*** Opening DATA RECORDS ***

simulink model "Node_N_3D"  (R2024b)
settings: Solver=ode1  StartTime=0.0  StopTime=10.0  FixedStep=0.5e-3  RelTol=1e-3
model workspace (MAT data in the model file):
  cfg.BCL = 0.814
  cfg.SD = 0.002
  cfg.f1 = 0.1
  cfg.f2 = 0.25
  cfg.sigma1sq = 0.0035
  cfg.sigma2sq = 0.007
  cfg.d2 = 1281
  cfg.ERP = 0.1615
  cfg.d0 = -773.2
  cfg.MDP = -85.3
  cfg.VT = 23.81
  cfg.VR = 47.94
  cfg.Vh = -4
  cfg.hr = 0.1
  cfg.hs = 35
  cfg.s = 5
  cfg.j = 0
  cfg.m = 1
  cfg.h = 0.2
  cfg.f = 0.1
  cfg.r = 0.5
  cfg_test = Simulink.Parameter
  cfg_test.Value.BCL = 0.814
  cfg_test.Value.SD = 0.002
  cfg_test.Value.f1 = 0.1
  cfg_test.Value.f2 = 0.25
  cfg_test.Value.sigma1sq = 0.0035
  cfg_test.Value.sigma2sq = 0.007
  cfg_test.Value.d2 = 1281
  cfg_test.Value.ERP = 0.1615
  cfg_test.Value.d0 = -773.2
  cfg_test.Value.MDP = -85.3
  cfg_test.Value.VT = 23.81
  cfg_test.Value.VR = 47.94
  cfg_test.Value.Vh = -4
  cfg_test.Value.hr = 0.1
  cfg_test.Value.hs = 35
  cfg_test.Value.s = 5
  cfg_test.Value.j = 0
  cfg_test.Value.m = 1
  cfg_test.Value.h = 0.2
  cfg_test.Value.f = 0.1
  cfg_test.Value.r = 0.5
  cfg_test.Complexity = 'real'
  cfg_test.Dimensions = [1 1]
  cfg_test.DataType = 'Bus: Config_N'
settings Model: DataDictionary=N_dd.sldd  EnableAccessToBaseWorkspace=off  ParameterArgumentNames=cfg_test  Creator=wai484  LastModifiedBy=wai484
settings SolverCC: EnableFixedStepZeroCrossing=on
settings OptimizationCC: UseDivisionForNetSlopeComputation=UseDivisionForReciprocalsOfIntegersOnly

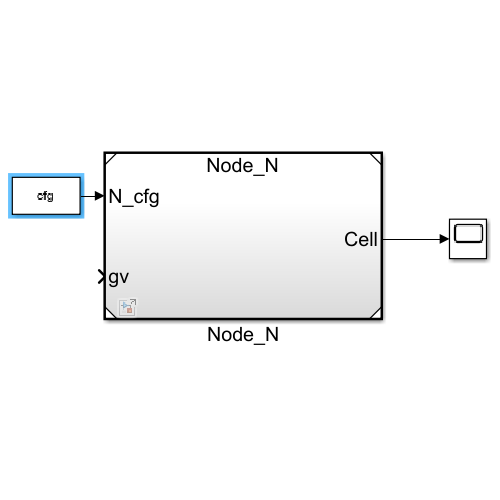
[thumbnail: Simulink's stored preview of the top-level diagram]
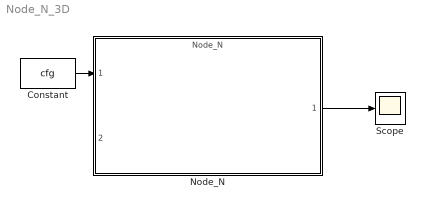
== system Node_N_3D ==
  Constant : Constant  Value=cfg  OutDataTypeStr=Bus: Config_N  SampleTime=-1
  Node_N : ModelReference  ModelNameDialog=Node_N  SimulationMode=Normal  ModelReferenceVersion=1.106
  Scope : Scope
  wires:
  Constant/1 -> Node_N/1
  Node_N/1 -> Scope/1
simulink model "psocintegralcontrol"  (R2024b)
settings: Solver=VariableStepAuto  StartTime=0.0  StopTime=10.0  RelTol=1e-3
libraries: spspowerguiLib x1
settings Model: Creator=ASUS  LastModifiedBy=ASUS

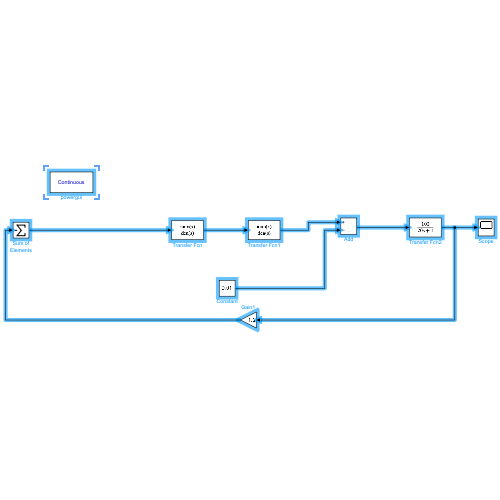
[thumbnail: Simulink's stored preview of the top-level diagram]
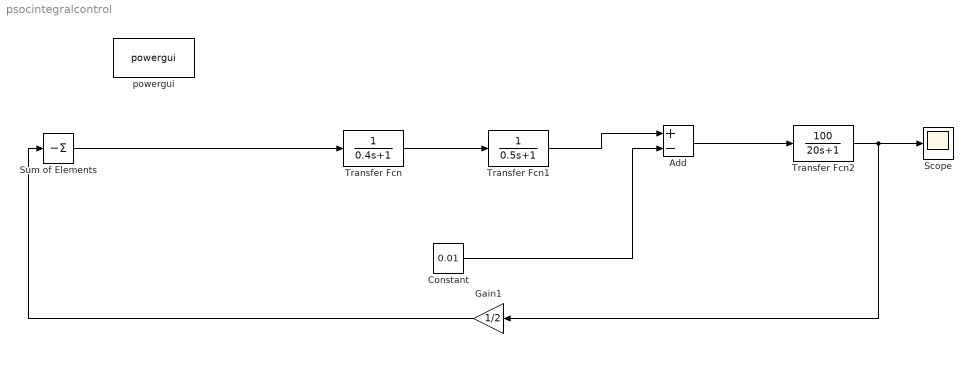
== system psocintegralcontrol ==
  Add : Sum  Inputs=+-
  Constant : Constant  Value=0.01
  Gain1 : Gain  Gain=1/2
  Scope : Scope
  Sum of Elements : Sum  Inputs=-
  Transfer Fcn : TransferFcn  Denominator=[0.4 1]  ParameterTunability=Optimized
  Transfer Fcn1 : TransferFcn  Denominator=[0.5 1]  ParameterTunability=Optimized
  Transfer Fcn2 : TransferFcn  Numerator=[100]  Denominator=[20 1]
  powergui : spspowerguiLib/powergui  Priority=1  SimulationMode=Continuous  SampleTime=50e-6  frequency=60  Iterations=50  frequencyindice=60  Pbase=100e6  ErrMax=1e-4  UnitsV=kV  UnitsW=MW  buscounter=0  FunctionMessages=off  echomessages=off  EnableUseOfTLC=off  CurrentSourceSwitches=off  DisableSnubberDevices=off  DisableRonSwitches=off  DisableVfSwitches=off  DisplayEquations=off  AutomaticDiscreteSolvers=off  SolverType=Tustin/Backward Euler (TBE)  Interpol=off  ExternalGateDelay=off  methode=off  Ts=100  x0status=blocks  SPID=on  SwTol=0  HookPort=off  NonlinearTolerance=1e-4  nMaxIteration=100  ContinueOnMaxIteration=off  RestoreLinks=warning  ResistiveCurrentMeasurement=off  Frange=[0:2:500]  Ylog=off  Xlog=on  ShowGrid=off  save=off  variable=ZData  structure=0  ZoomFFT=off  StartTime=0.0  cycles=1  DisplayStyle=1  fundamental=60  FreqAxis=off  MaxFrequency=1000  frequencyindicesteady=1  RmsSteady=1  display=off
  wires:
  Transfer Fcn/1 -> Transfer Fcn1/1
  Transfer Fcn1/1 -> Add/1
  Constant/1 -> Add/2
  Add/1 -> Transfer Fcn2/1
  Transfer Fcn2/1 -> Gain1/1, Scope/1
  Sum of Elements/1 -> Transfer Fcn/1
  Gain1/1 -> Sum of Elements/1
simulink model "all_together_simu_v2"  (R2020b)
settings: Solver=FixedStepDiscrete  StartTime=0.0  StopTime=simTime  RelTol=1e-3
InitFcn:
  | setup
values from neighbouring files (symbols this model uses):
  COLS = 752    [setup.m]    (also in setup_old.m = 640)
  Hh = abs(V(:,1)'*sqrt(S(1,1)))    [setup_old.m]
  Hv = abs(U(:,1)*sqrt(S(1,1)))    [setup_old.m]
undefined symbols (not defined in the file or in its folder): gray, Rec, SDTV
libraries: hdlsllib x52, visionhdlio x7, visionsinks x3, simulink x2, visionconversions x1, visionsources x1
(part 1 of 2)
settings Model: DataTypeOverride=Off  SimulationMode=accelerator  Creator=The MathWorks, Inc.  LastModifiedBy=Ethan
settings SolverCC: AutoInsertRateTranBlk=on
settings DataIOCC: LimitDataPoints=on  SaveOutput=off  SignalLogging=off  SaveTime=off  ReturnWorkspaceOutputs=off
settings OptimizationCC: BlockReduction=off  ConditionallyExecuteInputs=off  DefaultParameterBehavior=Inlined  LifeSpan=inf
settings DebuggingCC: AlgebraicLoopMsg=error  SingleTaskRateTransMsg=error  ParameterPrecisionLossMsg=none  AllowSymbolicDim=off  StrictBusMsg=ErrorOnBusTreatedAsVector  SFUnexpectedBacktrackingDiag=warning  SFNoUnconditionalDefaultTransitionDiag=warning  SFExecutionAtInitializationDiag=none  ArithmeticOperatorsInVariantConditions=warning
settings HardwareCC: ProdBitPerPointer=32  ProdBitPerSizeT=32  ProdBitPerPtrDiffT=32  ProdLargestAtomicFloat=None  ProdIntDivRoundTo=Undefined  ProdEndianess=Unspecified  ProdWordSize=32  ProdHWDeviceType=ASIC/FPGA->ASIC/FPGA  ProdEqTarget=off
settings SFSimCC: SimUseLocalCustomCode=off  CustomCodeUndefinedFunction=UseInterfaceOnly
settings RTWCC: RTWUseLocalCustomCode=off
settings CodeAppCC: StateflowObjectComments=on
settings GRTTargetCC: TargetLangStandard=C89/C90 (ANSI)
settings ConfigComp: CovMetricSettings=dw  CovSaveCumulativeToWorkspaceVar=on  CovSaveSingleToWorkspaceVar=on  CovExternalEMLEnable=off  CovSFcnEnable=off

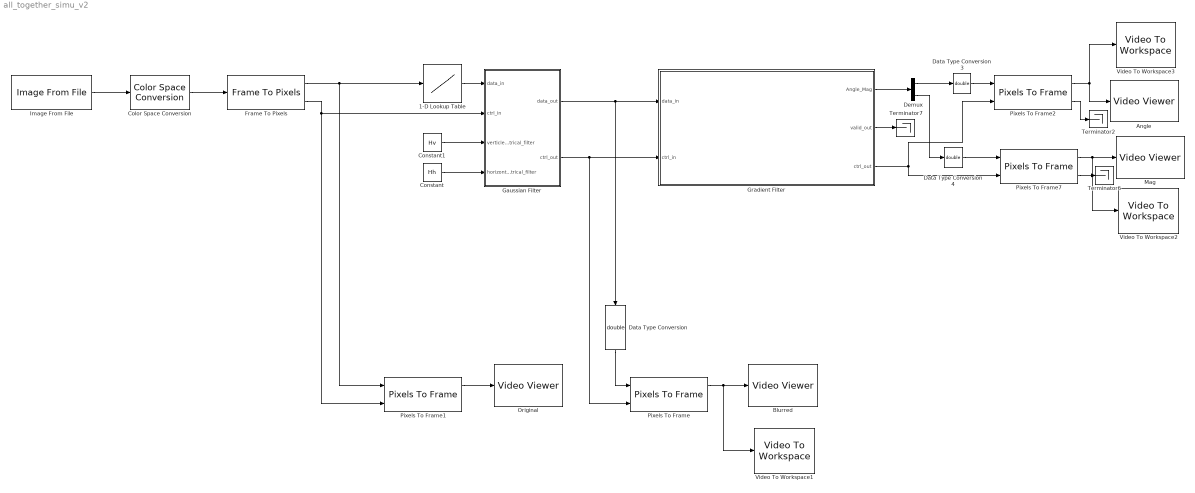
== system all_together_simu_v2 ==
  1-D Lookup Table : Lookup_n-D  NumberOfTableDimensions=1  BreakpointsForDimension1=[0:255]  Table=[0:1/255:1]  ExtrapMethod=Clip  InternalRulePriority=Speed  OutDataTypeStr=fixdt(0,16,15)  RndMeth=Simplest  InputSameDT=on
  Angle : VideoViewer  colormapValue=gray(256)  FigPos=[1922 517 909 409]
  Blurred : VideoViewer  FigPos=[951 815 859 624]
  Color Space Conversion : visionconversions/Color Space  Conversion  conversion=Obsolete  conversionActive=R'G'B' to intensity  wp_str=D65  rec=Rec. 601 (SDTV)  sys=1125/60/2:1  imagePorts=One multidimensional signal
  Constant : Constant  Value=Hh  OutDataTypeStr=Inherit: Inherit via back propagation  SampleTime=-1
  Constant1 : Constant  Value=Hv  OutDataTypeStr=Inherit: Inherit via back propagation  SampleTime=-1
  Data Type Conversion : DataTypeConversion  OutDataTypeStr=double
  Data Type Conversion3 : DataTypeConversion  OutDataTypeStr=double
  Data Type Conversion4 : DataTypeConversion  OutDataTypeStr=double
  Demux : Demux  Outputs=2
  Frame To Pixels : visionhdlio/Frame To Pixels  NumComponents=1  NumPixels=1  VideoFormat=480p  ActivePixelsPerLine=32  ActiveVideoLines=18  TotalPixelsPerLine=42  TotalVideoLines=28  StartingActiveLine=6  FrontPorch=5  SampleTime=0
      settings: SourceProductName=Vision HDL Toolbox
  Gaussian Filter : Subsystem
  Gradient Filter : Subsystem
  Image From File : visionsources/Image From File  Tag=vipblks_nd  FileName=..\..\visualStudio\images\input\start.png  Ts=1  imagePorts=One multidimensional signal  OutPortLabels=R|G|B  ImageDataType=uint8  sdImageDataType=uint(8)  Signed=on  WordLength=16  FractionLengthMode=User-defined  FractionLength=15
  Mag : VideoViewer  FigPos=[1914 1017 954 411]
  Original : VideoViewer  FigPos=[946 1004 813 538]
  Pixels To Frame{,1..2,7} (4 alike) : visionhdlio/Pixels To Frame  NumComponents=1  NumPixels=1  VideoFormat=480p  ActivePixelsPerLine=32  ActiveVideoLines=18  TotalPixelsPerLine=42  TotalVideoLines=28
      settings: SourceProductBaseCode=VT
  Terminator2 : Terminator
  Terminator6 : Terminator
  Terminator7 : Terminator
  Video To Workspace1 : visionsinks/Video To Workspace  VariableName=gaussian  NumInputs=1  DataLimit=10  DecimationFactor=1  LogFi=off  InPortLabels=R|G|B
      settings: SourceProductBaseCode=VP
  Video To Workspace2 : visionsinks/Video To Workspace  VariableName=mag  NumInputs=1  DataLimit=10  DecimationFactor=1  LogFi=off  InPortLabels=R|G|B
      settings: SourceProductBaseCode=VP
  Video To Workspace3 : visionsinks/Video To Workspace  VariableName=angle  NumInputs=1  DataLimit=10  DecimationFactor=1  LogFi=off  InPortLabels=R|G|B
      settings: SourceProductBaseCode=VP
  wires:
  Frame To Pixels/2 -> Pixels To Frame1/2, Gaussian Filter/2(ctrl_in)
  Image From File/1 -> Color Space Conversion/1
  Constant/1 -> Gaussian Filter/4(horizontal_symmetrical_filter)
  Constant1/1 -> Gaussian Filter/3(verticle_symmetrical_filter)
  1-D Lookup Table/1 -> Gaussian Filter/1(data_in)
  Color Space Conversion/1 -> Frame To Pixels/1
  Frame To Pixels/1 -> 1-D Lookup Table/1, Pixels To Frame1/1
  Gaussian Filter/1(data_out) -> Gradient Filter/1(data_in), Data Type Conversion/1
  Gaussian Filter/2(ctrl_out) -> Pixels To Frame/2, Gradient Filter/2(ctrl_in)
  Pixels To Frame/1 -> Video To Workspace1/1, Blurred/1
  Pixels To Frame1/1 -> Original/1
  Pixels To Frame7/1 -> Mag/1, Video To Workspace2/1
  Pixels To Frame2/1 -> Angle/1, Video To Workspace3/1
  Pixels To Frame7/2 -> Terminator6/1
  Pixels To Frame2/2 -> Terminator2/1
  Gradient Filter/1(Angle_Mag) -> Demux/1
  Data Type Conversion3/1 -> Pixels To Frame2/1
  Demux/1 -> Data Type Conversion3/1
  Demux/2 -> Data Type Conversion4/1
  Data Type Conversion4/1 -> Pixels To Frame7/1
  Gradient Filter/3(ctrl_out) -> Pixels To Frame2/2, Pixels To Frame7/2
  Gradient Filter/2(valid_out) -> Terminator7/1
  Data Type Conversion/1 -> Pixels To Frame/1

*** Closing DATA RECORDS ***

(TASK TO CARRY OUT) Only the lines from the beginning of the entries through the line bearing "cfg_test.Value.d2 = 1281" should be returned, each exactly as written.

(OUTPUT OF THE TASK)
simulink model "Node_N_3D"  (R2024b)
settings: Solver=ode1  StartTime=0.0  StopTime=10.0  FixedStep=0.5e-3  RelTol=1e-3
model workspace (MAT data in the model file):
  cfg.BCL = 0.814
  cfg.SD = 0.002
  cfg.f1 = 0.1
  cfg.f2 = 0.25
  cfg.sigma1sq = 0.0035
  cfg.sigma2sq = 0.007
  cfg.d2 = 1281
  cfg.ERP = 0.1615
  cfg.d0 = -773.2
  cfg.MDP = -85.3
  cfg.VT = 23.81
  cfg.VR = 47.94
  cfg.Vh = -4
  cfg.hr = 0.1
  cfg.hs = 35
  cfg.s = 5
  cfg.j = 0
  cfg.m = 1
  cfg.h = 0.2
  cfg.f = 0.1
  cfg.r = 0.5
  cfg_test = Simulink.Parameter
  cfg_test.Value.BCL = 0.814
  cfg_test.Value.SD = 0.002
  cfg_test.Value.f1 = 0.1
  cfg_test.Value.f2 = 0.25
  cfg_test.Value.sigma1sq = 0.0035
  cfg_test.Value.sigma2sq = 0.007
  cfg_test.Value.d2 = 1281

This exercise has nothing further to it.